I don't know what 'mild' means? I'm disabled mostly from autonomic impairment (cognitively and physically) and get PEM when I go over my limit. I can't stand or walk for very long during the day mostly, but I do feel improved in the evenings if I don't overdo during the day. I also get viral reactivations with myalgias and other symptoms, but they're not permanent except when I took immune modulators in 2001 and relapsed.
Every relapse makes us worse and reduces our baseline.
Well, a dictionary definition of it is "not violent, severe, or extreme",
https://dictionary.cambridge.org/dictionary/english/mild
In relation to ME. the new NICE guideline offers this description of mild ME which, broadly, is in line with most other descriptions of mild ME.
"People with mild ME/CFS care for themselves and do some light domestic tasks (sometimes needing support) but may have difficulties with mobility.

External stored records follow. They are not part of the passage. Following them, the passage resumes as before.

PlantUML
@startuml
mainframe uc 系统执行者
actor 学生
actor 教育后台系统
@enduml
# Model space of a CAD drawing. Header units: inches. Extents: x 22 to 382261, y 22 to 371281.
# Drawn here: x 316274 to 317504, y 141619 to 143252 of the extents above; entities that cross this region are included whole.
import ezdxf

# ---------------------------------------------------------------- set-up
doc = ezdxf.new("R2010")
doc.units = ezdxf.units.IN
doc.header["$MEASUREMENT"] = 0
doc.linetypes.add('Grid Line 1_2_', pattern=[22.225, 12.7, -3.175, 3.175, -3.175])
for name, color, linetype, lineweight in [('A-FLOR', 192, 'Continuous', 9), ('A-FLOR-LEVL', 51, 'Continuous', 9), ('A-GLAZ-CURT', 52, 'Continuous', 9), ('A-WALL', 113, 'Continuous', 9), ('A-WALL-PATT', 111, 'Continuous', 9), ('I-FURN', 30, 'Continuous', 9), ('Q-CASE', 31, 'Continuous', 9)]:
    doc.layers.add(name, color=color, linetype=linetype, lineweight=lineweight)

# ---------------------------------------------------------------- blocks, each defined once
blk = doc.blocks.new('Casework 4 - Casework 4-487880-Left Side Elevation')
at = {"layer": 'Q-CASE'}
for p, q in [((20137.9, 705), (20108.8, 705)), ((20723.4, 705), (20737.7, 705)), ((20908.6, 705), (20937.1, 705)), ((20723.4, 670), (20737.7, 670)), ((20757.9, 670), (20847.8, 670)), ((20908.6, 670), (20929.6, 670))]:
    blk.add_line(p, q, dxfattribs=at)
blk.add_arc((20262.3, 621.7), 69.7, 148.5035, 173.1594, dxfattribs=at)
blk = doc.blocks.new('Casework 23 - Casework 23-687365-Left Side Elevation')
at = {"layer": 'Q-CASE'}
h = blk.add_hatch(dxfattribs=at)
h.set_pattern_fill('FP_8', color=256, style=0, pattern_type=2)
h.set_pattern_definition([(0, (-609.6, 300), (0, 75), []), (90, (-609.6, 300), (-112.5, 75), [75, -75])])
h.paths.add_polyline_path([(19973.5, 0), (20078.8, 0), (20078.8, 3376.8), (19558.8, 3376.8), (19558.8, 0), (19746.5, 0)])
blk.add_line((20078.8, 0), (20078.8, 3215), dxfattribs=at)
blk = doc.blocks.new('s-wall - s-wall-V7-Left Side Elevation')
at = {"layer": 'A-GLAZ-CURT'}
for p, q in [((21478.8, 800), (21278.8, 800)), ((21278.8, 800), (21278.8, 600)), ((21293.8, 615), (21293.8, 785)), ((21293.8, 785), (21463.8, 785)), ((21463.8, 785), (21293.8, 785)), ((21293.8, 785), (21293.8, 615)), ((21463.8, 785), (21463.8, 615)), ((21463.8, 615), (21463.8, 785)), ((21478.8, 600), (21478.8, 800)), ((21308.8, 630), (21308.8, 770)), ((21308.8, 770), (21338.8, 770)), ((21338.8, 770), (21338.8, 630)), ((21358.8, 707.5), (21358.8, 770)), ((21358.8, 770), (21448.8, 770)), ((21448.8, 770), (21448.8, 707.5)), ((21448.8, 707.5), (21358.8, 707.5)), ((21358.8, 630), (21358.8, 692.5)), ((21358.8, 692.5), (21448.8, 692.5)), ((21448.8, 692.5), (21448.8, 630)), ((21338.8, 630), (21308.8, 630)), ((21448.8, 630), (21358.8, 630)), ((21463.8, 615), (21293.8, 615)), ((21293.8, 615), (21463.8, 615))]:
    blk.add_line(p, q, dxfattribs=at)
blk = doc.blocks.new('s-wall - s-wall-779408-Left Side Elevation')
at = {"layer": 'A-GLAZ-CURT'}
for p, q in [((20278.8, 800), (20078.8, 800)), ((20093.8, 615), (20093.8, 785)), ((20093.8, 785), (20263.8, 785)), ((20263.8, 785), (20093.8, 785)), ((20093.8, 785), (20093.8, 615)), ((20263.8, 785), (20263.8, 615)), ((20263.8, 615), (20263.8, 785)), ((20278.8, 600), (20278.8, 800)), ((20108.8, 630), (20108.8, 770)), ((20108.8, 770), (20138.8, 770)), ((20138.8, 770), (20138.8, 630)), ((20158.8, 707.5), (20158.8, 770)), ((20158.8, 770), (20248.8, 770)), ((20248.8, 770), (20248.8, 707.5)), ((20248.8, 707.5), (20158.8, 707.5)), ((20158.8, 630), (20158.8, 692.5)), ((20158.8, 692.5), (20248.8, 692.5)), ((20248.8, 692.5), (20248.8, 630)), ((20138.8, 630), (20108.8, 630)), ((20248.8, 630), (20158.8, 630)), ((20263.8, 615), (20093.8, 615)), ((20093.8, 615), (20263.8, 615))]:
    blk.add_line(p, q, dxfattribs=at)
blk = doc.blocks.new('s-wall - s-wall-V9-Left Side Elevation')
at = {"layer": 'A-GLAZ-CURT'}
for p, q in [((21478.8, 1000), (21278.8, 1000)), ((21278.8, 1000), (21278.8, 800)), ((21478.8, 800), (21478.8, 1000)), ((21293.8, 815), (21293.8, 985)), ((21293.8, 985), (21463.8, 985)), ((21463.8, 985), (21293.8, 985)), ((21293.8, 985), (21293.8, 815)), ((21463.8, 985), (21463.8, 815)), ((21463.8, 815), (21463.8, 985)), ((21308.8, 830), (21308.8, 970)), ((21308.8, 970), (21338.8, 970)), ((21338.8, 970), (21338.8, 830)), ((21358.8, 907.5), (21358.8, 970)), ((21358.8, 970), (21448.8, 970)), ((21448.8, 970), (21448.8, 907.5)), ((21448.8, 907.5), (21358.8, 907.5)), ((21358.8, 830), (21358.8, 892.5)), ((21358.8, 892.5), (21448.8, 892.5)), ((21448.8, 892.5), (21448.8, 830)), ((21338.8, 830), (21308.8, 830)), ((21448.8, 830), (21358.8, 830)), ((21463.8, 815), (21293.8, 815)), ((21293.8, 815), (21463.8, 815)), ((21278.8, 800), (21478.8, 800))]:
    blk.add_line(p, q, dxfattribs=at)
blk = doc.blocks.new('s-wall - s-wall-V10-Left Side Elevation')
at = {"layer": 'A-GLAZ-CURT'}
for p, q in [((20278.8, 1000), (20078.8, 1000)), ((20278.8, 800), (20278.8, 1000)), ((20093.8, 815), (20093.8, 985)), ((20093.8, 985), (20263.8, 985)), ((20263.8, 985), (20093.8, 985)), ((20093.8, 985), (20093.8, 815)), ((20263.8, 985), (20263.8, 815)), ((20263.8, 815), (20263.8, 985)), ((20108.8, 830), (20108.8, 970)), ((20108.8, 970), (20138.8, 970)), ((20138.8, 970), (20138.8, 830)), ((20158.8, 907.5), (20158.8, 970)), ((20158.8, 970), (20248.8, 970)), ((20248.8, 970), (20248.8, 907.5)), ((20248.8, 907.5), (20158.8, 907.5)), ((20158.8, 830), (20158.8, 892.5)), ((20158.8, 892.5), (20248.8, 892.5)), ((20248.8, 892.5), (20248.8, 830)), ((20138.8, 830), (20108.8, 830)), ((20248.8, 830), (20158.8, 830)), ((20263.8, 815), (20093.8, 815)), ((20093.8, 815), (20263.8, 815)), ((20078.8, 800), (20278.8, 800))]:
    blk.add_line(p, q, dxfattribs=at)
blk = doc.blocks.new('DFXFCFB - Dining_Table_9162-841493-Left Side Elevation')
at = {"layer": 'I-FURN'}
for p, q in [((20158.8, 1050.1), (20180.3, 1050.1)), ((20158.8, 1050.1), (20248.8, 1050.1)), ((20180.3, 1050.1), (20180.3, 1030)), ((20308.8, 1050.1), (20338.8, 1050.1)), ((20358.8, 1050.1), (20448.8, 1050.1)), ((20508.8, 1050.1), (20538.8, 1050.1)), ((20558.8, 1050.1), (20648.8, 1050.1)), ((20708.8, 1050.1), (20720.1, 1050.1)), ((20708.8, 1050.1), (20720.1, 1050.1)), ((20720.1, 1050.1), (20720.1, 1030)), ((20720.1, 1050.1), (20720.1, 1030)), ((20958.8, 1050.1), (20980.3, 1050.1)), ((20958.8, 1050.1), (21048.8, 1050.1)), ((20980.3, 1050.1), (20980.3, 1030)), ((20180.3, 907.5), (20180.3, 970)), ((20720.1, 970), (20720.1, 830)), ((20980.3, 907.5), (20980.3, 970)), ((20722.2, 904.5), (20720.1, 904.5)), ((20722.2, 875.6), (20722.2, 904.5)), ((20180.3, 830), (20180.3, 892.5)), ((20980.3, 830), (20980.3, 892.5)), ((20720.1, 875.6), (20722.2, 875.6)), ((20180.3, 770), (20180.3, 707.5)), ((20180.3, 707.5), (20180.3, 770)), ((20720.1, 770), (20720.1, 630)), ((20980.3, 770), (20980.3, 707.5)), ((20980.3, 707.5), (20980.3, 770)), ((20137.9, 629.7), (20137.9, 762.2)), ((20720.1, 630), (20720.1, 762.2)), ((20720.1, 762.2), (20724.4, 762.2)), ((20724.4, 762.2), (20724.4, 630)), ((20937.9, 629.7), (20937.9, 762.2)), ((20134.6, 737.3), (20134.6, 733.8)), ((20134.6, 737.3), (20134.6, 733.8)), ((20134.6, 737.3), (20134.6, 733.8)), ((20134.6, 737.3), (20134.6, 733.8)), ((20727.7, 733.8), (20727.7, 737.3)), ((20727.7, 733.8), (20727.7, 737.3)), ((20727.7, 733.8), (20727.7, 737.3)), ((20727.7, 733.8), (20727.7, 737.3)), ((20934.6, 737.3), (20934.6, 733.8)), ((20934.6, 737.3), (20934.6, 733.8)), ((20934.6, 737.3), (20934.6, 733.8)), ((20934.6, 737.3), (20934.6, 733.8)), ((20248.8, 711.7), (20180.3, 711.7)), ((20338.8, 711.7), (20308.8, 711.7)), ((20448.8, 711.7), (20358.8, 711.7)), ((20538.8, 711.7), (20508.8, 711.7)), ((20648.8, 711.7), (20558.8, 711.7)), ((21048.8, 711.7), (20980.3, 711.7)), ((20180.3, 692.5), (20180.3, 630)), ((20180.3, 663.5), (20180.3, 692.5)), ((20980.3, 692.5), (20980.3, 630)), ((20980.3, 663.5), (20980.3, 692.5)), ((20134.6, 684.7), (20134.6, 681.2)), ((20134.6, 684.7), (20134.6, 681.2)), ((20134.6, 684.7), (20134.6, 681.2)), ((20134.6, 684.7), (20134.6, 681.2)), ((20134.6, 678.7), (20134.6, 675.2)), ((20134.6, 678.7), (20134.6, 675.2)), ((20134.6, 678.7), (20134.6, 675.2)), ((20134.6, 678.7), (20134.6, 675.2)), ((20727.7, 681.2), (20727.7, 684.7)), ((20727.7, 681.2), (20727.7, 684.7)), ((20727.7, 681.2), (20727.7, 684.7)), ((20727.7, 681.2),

Most are still working or in education, but to do this they have probably stopped all leisure and social pursuits. They often have reduced hours, take days off and use the weekend to cope with the rest of the week."
In the opening post of this thread I asked,
"I [when still suffering from mild ME] would not have recognised these descriptions [of PEM that are in the CCC and ICC criteria] as describing why I would need to take occasional days off from work to recover from what, at the time, I best described as a heavy 24-hour cold.
Now not all studies will want to recruit mild patients, so it won't be an issue all the time, but for those studies that do it could be useful to look at alternative ways to describe PEM.
So, as the title says, if you are, or have been, mild, how would you describe your episodes of PEM?"
So the intention of this thread is to discuss how mildly affected patients described their PEM when they were still mild, and in my opinion, from what you describe, it wouldn't seem that you were mildly affected.